Die Arbeit geht der Frage nach, welchen Einfluss die schriftliche Aufzeichnung geltenden und neuen Rechts im Rahmen der Zwölftafelgesetzgebung um 450 v. Chr. im archaischen Rom auf Rechtskultur und Rechtsentwicklung in Rom hatte. Die XII Tafeln werden dabei zunächst in ihrem historischen Kontext erklärt und in die Verschriftlichungsentwicklungen der weiteren griechischen Kultursphäre im 5. Jahrhundert v. Chr. eingeordnet. Zugleich werden die Unterschiede zwischen der Kodifikation in Rom und in den griechischen poleis herausgearbeitet. Abschließend betrachtet die Arbeit die Auswirkungen dieser Verhältnisse auf die spätere römische Rechtsentwicklung und unternimmt eine kurze Charakterisierung derselben vor dem Hintergrund der XII Tafeln.
Inhaltsverzeichnis
I. Einführung
II. Die XII Tafeln
1. Entstehungs- und Gebrauchsgeschichte
2. Überlieferung und Quellenlage
3. Inhalte der XII Tafeln
III. Verschriftlichung von Normen in der griechischen Einflusssphäre des 6. und 5. Jahrhundert v. Chr.
1. Schriftlichkeit und Konfliktlösung vor der Verschriftlichung
2. Motive und Bedeutung der Verschriftlichung
3. Auswirkungen der Verschriftlichung
4. Besonderheiten der Verschriftlichung in Rom
IV. Bedeutung und Wirkungen der XII Tafeln für die Entwicklung der römischen Rechtskultur in vorklassischer Zeit
1. Schriftlichkeit in der römischen Rechtspraxis
2. Die Herausbildung des Römischen Rechts – vom nomos zum ius
V. Schluss
Zielsetzung & Themen
Die vorliegende Arbeit untersucht die Bedeutung des Zwölftafelgesetzes als primären Ausgangspunkt für die Schriftlichkeit im römischen Rechtswesen.
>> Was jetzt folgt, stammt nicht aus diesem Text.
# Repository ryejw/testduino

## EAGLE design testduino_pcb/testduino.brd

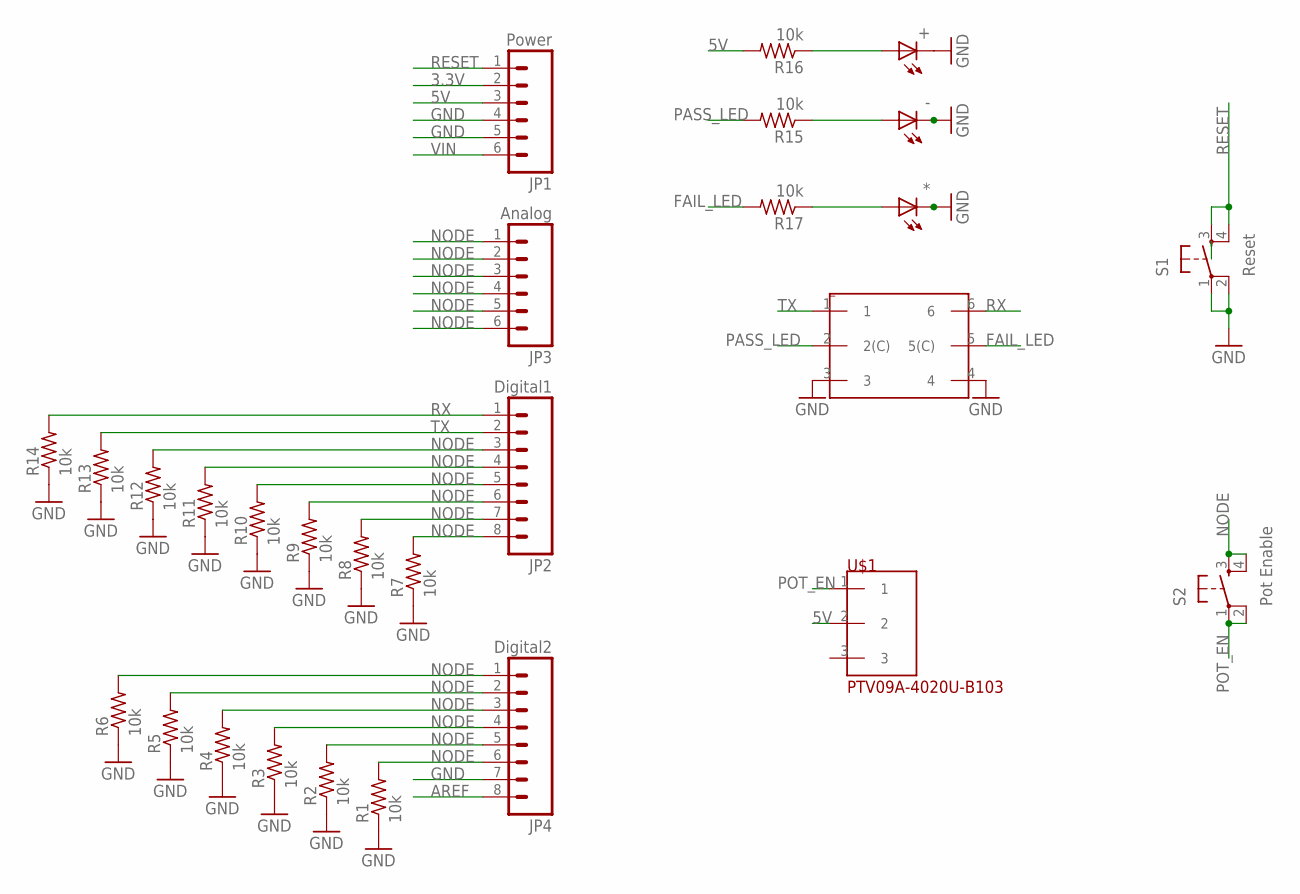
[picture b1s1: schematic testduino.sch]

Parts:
*: LEDSML0805; SML0805
+: LEDSML0805; SML0805
-: LEDSML0805; SML0805
JP1: Power; 1X06
JP2: Digital1; 1X08
JP3: Analog; 1X06
JP4: Digital2; 1X08
R1, R2, R3, R4, R5, R6, R7, R8, R9, R10, R11, R12, R13, R14, R15, R16, R17: 10k; R0402
S1: Reset; TACTILE-PTH
S2: Pot Enable; TACTILE-PTH
U$1: PTV09A-4020U-B103; PTV09A-1
_: JS202011SCQN

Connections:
3.3V: JP1.2
5V: JP1.3, R16.2, U$1.2
AREF: JP4.8
FAIL_LED: R17.2, _.5 (5(C))
GND: *.C, +.C, -.C, JP1.4, JP1.5, JP4.7, R1.1, R2.1, R3.1, R4.1, R5.1, R6.1, R7.1, R8.1, R9.1, R10.1, R11.1, R12.1, R13.1, R14.1, S1.1, S1.2, _.3, _.4
unnamed: -.A, R15.1
unnamed: +.A, R16.1
unnamed: *.A, R17.1
NODE: JP2.3, JP2.4, JP2.5, JP2.6, JP2.7, JP2.8, JP3.1, JP3.2, JP3.3, JP3.4, JP3.5, JP3.6, JP4.1, JP4.2, JP4.3, JP4.4, JP4.5, JP4.6, R1.2, R2.2, R3.2, R4.2, R5.2, R6.2, R7.2, R8.2, R9.2, R10.2, R11.2, R12.2, S2.3, S2.4
PASS_LED: R15.2, _.2 (2(C))
POT_EN: S2.1, S2.2, U$1.1
RESET: JP1.1, S1.3, S1.4
RX: JP2.1, R14.2, _.6
TX: JP2.2, R13.2, _.1
VIN: JP1.6

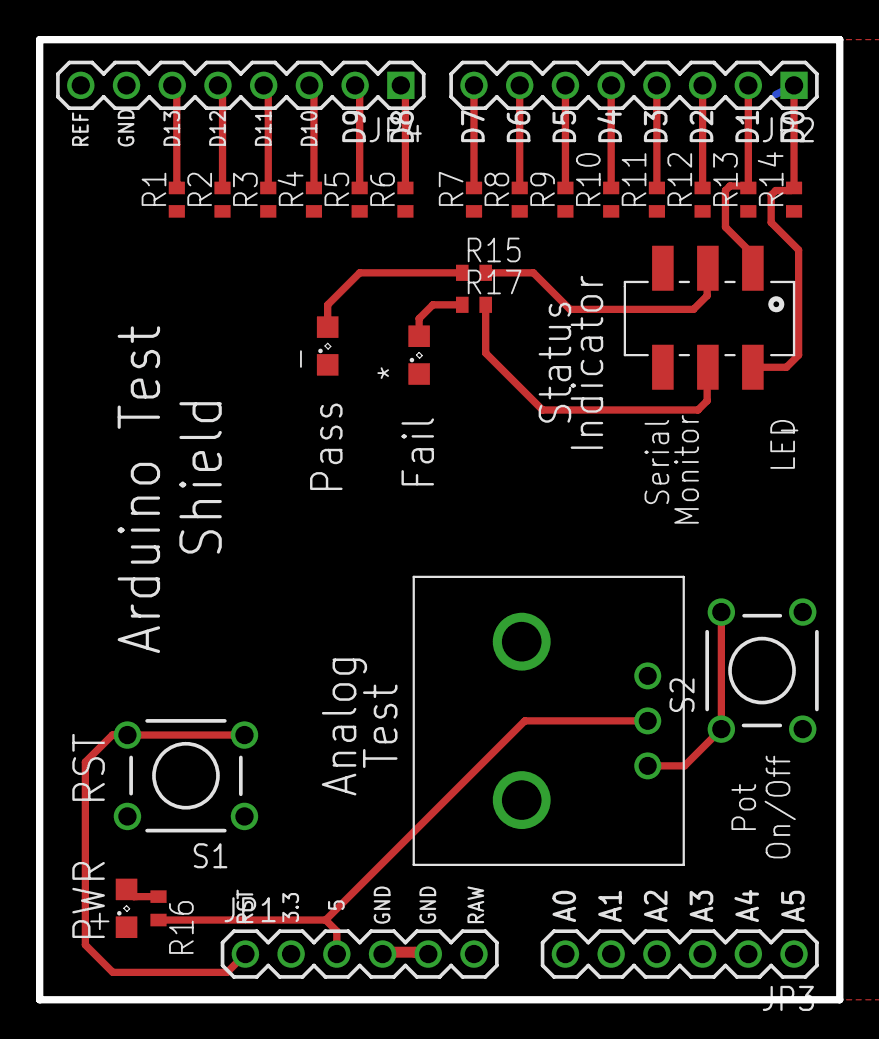
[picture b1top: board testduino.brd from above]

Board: 2 copper layers, 44.5 x 53.3 mm, 28 parts (0 on the bottom side), 12 nets.

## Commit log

2014-07-03 init

Ziel ist es, die Rolle der Tafeln sowohl als Instrument zur Konfliktlösung innerhalb der römischen Ständegesellschaft zu analysieren als auch ihre Auswirkungen auf die langfristige Entwicklung der römischen Rechtskultur und Rechtsidee in der vorklassischen Zeit unter Berücksichtigung griechischer Vorbilder darzulegen.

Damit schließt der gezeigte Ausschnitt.